Further Reflections on the Mirror Moment

by James Scott Bell
@jamesscottbell

I enjoy getting emails and tweets from writers regarding the “mirror moment,” which is the subject of my book, Write Your Novel From the Middle. Recently I received two that I thought would make good fodder for a post (we at TKZ are always looking for good fodder).

The first email was a great question from someone who asked about the mirror moment in a long series. She used Sue Grafton’s alphabet series as an example. Should each book have a mirror moment? How can a series character go through so many changes?

I wrote back reminding her that there are two kinds of mirror moments. The first kind is about identity. It asks questions like, “Who am I? Why am I this way? What must I become?” It’s Rick in Casablanca.

The second kind is about death. It is the realization, “I’m probably going to die. The opposition is too great. How can I possibly survive?” That’s Dr. Richard Kimble in The Fugitive.

So I suggested that in any Kinsey Millhone mystery (and in mystery series in general), there could always be a realization in the middle that this case, this puzzle, this villain is the most perplexing or dangerous of their career. It looks like they could “die” (professionally) this time.

But that is not to say the character in any given book in a series cannot have a personal crisis of identity, too. Exhibit A would be the Harry Bosch books by Michael Connelly.

C is for confession: I have not read all of the alphabet books by Sue Grafton. I think I may have stopped around F. But the question intrigued me, so I went to the library and picked one of the later books at random—Q is For Quarry. I sat down and, as is my practice when mirror hunting, turned to the physical center of the book and just started looking around. Was there anything relating to identity? Or anything indicating this was the biggest challenge of her career?

Lo and behold, I found that it was about identity. Kinsey, who lost both her parents in a car accident when she was very young, has had a hole in her identity ever since. In this scene from the middle of the book, she is looking at a photograph of her mother. You don’t even have to know the details of the plot to know that this is the language of an identity-type of mirror moment:

I placed the frame on my desk, sitting back in my swivel chair with my feet propped up. Several things occurred to me that I hadn’t thought of before. I was now twice my mother’s age the day the photograph was taken. Within four months of that date, my parents would be married, and by the time she was my age, she’d have a daughter three years old. By then my parents would have had only another two years to live. It occurred to me that if my mother had survived, she’d be seventy. I tried to imagine what it would be like to have a mother in my life—the phone calls, the visits and shopping trips, holiday rituals so alien to me. I’d been resistant to the Kinseys, feeling not only adamant but hostile to the idea of continued contact. Now I wondered why the offer of simple comfort felt like such a threat. Wasn’t it possible that I could establish a connection with my mother through her two surviving sisters? Surely, Maura and Susanna shared many of her traits—gestures and phrases, values and attitudes ingrained in them since birth. While my mother was gone, couldn’t I experience some small fragment of her love through my cousins and aunts? It didn’t seem too much to ask, although I still wasn’t clear what price I might be expected to pay.
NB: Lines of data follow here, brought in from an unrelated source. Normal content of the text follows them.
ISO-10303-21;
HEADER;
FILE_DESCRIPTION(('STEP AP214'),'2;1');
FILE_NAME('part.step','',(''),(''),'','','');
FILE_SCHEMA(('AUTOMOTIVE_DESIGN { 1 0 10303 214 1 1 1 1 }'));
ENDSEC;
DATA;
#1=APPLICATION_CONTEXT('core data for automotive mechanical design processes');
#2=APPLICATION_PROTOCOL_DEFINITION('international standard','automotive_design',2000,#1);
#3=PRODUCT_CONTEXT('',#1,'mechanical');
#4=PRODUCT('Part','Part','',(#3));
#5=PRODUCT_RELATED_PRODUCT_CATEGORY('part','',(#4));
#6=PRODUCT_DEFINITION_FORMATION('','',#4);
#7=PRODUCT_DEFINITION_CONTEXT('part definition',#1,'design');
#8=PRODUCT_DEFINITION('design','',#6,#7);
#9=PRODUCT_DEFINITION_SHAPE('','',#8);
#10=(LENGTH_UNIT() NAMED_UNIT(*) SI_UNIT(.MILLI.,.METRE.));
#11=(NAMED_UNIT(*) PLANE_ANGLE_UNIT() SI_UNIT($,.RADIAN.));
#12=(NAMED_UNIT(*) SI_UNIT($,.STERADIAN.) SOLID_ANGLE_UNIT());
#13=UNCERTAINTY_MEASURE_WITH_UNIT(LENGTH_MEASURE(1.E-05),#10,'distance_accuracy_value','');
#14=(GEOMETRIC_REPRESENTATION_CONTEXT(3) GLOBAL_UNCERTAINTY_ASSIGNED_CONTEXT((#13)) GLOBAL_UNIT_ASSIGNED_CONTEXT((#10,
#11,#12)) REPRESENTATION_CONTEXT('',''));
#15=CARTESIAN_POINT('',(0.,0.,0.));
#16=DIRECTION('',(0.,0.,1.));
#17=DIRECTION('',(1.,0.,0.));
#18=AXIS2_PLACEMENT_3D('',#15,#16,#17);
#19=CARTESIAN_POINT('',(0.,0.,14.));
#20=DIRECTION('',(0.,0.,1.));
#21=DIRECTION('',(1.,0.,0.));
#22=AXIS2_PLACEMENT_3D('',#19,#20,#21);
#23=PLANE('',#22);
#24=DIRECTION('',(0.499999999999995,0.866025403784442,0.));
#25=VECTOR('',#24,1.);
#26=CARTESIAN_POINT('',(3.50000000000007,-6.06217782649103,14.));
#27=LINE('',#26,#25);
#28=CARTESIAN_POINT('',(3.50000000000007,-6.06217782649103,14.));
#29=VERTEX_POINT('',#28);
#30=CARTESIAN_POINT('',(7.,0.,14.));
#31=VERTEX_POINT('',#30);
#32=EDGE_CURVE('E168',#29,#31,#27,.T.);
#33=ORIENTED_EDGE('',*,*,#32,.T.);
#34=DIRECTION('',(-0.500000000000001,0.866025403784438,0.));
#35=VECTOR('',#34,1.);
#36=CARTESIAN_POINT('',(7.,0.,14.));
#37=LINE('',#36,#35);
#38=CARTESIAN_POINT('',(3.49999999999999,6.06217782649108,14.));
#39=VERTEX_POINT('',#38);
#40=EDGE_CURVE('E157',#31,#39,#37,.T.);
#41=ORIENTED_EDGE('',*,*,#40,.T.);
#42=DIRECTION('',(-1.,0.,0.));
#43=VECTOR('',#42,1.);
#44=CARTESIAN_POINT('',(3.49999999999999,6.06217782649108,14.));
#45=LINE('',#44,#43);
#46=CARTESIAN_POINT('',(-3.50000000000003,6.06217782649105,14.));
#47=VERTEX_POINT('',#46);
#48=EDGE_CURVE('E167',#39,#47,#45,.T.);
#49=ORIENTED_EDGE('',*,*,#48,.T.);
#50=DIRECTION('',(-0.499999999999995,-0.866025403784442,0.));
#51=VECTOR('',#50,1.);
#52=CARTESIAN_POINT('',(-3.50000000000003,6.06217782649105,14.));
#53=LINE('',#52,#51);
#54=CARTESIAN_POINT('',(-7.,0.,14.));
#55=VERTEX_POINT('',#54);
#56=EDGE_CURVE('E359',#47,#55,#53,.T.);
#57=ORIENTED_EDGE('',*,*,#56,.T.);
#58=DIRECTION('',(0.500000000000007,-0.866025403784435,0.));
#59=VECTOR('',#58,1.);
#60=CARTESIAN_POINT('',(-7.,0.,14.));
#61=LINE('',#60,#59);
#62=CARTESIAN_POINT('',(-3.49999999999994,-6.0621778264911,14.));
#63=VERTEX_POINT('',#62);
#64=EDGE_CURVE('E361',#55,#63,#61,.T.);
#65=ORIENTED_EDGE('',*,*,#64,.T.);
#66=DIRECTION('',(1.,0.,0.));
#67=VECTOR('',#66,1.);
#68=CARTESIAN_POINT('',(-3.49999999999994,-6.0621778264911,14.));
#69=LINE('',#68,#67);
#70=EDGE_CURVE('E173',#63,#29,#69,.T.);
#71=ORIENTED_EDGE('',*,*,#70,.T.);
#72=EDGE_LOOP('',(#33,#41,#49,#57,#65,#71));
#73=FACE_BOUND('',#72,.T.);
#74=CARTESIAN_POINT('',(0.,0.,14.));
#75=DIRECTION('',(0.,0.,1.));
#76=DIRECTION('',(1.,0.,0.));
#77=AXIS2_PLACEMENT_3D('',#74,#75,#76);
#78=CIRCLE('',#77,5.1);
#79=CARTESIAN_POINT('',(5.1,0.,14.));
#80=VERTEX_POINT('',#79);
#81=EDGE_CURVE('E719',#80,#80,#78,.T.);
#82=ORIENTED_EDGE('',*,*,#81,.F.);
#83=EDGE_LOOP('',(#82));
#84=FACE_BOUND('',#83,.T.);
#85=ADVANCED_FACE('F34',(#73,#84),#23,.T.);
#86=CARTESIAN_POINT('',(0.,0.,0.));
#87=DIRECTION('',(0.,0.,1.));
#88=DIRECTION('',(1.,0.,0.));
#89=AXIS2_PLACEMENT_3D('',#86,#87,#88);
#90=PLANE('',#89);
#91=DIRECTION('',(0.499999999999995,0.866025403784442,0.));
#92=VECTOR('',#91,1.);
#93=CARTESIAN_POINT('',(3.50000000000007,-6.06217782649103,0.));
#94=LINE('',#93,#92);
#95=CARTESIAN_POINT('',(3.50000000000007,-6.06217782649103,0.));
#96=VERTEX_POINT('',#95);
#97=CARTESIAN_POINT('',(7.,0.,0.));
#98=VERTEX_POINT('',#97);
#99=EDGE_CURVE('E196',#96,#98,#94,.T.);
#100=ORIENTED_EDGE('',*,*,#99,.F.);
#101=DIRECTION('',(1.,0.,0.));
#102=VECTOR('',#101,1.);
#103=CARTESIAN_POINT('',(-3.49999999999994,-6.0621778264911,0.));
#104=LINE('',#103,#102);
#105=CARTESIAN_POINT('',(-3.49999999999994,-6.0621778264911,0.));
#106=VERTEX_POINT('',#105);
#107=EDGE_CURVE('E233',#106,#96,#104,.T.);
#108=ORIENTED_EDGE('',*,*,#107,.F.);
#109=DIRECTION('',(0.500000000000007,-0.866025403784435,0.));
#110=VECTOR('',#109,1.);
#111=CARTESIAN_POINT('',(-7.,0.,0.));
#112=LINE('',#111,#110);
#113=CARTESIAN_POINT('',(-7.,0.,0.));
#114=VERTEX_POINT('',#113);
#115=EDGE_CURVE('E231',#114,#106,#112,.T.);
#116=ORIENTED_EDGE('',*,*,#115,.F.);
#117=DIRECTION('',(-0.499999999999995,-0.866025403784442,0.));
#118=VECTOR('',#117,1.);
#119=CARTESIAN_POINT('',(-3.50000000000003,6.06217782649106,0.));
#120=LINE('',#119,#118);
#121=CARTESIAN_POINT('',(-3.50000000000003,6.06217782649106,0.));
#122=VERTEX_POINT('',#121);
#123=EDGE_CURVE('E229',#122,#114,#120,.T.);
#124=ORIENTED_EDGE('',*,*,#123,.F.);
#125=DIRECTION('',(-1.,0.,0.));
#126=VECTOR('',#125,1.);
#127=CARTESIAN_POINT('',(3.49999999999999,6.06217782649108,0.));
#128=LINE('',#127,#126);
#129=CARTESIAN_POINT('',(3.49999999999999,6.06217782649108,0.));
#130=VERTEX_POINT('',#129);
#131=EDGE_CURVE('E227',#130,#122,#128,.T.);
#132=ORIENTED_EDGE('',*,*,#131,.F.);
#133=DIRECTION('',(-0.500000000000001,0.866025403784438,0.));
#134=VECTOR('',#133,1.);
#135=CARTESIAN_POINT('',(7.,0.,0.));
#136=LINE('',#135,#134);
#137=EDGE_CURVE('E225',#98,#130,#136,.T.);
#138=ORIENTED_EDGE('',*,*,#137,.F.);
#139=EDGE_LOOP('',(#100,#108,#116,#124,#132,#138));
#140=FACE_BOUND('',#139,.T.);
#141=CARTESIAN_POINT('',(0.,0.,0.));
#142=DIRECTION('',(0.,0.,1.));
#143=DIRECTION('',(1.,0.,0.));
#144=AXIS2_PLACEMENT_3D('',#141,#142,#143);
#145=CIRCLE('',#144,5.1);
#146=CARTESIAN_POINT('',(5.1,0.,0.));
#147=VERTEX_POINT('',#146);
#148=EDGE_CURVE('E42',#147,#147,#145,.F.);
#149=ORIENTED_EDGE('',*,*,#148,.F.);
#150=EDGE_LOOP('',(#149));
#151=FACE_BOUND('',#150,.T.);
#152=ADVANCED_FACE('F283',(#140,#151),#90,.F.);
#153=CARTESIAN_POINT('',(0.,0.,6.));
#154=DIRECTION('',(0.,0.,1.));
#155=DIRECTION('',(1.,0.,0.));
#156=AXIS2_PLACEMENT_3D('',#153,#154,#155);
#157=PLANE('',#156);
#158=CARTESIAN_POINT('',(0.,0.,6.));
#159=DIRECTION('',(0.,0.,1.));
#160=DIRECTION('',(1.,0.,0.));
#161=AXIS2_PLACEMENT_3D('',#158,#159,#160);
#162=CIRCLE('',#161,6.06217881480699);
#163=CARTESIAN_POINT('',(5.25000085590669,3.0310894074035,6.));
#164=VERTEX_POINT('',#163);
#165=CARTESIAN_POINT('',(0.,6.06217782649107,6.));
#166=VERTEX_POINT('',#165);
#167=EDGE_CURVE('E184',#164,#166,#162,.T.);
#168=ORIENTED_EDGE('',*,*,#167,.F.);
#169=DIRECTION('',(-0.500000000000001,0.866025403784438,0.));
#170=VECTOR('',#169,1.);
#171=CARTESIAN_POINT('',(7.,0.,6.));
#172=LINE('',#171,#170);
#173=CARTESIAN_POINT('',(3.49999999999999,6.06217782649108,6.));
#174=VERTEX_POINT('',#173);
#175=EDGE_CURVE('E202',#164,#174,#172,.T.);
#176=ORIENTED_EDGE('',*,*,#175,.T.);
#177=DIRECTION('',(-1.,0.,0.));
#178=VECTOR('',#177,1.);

I locked the office early, leaving the photo of my mother in the center of my desk. Driving home, I couldn’t resist touching on the issue, much in the same way the tongue seeks the socket from which a tooth has just been pulled. The compulsion resulted in the same shudder-producing blend of satisfaction and repugnance.

Thus, any book in a long-running series can include subplot elements that relate to the hero’s identity and transformation.

Shortly after this I got an email from my friend, writer Rich Bullock. He told me he’d been watching Star Wars: The Last Jedi, and in the chapter titled “The Mirror Cave” Rey is being tempted by the dark side (what a shock) and challenged by Kylo Ren on her true identity. Rich told me it was smack dab in the middle.

So I checked out the DVD from the library, chucked in the player, and went to the scene. Rey has fallen into this mirror cave, and is hoping it will give her a clue about who she truly is. Kylo Ren is somewhere else, but able to communicate with her:

KYLO REN: Let the past die. Kill it if you have to. That’s the only way to become what you were meant to be.

REY: No! No!

REY (VOICE OVER): I should have felt trapped or panicked. But I didn’t. This didn’t go on forever, I knew it was leading somewhere. And that, at the end, it would show me what I came to see.

REY: Let me see them. My parents … please.

She touches the mirror. Two shadowy figures approach from the other side of the glass. But when the frost clears, Rey is looking at … herself!

I took a look at the DVD timeline:

Hmm, we’re 1:16 into a 2:32 movie. I’m no math whiz, but I believe you can’t get any more middle than that!

The mirror moment works every time.

(For more on this, see my post “Revisiting the Mirror Moment”.)

That’s it for today, kids. I’m on the road most of the day, but will try to check in later. Talk amongst yourselves, esp. those of you writing series characters. How do you handle any inner transformation?